Personal information
- Full name: Luis Carlos Fanta Tomaszewski
- Date of birth: 21 August 1890
- Place of birth: Chillán, Chile
- Date of death: 8 December 1964 (aged 74)
- Place of death: Santiago, Chile
- Position: Goalkeeper

Youth career
- 1905: Industrial F.C.
- 1905–1907: Internado Nacional

Senior career*
- Years: Team / Apps / (Gls)
- 1905: Santiago National
- 1906–1907: Magallanes
- 1908–1911: Santiago National
- 1912–1919: Internado

International career
- 1913: Chile

Managerial career
- 1916: Chile

= Carlos Fanta =

Chilean footballer and manager (1890–1964)

Luis Carlos Fanta Tomaszewski (21 August 1890 – 8 December 1964), known as Carlos Fanta, was a Chilean football player, manager, referee, director of football, journalist, and pharmacist.

==Early years==
Fanta belonged to a German-Polish family. Both his father, Carlos Sr., and his mother, Alma, were distinguished professors who came to Chile in 1888 recruited by the President of Chile José Manuel Balmaceda along with their four children: Margarita, Olga, Federico and Kurt. In Santiago, they worked in the educational system reform of the Escuelas Normales (Normal school), moving after to Chillán where Carlos and his younger brother, Alfredo, were born. Carlos attended primary school at the Liceo de Chillán until 1905.

==Studying career==
In 1905, Fanta moved to Santiago and attended the Internado Nacional until 1907, getting a degree in Bachiller de Humanidades. In 1909 he graduated as PE teacher at the Instituto de Educación Física (Physical Education Institute). Then, he attended University of Chile and graduated as a Pharmacist in 1917.

==Football career==
===Player===
Fanta was a goalkeeper. While studying in secondary school, he was with Industrial F.C. of Chillán (1905) and Internado Nacional Football Club of Santiago (1905–1907), becoming the team captain. Internado Nacional Football Club was founded in 1902 by the same Carlos alongside the teachers Leonardo Matus and Jorge Breñas. Along with Internado Nacional, he won the Copa Municipal 1907 of the Asociación Arturo Prat. At the same time, he played for both Santiago National (1905) and Magallanes (1906–1907) and did track and field, also winning several medals.

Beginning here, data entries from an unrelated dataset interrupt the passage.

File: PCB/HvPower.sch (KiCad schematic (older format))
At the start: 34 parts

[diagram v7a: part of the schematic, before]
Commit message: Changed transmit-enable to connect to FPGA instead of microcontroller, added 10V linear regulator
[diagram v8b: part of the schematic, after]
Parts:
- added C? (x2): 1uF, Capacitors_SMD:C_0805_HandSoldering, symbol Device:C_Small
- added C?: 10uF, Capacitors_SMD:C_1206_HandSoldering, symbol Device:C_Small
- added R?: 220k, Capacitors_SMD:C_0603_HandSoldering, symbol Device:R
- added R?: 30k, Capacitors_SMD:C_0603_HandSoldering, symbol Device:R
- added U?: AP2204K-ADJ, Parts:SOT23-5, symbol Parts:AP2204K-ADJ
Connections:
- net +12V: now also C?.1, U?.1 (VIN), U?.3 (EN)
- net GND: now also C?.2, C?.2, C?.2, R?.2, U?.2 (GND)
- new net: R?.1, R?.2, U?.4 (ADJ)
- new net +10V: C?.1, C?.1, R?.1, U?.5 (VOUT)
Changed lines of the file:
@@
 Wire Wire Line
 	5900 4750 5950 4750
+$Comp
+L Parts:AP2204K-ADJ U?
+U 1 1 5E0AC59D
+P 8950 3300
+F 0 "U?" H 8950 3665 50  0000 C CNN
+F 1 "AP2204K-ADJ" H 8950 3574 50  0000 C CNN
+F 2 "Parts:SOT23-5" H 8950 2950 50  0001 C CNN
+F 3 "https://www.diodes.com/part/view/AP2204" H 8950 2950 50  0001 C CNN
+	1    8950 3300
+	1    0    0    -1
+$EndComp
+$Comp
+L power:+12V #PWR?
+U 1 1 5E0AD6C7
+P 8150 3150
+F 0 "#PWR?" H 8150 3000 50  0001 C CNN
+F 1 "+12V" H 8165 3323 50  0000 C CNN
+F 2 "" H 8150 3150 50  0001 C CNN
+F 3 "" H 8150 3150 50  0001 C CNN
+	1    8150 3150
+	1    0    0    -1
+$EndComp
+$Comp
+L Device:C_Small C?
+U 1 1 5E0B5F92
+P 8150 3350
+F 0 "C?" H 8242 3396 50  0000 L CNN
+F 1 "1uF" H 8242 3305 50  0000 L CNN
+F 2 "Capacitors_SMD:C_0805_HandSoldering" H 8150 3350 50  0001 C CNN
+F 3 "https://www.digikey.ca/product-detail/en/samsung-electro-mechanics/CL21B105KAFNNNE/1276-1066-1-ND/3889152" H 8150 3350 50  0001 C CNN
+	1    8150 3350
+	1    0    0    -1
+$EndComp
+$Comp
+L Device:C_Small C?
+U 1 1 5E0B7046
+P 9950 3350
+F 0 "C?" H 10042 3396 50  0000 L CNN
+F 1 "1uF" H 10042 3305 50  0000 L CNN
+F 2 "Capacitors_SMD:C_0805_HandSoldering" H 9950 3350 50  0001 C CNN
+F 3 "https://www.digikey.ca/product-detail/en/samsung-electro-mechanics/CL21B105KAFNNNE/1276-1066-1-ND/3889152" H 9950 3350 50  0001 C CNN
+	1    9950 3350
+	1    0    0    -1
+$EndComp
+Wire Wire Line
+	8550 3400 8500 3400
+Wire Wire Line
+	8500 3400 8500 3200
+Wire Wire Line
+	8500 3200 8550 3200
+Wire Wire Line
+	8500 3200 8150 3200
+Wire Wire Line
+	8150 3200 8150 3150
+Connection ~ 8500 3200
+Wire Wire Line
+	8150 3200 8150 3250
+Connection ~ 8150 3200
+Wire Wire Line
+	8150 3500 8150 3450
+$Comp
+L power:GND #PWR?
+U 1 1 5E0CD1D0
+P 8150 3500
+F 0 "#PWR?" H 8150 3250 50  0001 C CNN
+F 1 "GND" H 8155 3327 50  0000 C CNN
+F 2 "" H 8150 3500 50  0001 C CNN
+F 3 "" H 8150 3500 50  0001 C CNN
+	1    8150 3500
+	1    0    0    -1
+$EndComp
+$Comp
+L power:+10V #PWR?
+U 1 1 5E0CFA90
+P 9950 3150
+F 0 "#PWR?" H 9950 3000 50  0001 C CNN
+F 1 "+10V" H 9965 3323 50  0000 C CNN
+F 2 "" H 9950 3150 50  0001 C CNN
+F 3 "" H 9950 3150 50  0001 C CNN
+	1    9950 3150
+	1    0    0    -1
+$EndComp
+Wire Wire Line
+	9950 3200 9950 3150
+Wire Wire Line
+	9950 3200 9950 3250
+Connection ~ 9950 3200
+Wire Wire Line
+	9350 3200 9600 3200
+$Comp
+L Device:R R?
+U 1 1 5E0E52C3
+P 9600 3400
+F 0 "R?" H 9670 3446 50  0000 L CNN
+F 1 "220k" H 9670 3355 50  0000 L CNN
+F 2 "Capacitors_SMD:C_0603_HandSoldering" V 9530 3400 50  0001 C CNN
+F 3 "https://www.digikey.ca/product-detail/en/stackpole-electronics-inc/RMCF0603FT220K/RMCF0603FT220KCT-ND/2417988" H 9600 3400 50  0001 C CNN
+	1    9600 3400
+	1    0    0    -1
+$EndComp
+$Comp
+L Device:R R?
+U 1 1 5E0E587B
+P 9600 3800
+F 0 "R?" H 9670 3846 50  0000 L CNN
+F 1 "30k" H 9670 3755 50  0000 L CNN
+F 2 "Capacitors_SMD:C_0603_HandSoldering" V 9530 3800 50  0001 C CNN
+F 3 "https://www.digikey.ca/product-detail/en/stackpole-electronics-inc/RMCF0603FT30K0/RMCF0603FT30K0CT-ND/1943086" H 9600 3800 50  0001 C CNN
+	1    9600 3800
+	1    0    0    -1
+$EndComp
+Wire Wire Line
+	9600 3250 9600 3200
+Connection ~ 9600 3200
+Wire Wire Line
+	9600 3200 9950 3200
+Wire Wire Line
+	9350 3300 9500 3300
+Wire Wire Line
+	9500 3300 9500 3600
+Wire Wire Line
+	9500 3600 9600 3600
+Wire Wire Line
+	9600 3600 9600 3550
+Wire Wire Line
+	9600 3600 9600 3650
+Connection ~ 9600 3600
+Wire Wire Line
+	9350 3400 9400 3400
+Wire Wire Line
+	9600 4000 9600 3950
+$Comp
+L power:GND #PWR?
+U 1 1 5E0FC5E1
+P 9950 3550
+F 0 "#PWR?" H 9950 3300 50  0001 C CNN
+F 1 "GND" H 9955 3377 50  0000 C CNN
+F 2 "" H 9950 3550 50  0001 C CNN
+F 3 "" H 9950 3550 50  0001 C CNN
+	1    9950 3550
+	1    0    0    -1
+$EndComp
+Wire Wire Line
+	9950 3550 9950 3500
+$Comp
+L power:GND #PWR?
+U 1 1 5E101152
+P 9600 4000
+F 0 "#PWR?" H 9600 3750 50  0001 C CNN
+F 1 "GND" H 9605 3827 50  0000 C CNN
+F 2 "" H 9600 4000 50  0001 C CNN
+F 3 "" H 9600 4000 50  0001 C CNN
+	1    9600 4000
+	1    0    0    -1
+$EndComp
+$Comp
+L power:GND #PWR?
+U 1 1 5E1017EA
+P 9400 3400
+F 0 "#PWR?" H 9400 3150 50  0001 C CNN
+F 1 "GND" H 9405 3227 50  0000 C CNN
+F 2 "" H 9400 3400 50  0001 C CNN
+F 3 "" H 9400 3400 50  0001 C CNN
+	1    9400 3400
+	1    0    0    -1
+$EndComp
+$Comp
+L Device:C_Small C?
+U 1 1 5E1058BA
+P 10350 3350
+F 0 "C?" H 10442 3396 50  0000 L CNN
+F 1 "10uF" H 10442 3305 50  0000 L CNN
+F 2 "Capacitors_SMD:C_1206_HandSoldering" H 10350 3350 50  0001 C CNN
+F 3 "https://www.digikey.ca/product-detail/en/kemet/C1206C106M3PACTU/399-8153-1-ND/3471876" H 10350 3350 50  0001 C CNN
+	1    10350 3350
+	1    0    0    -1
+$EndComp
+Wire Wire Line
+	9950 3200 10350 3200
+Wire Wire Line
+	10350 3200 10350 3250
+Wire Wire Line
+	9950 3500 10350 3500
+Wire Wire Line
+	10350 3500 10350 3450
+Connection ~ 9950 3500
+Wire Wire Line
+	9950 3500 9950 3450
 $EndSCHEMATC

After ending secondary school, he returned to Santiago National for 4 seasons (1908–1911). As a student of University of Chile, he played in the first Clásico Universitario – and the following matches – against the team of the Catholic University of Chile on 1 November 1909.

Alongside former students of Internado Nacional and students of the University of Chile, he participated in the foundation of the Club Atlético Internado – later Club Universidad de Chile – on 25 March 1911, becoming the President. After the club joined Asociación de Football de Santiago in 1912, he joined the first team until 1915. From 1916 to 1919, he played for the second team until his retirement.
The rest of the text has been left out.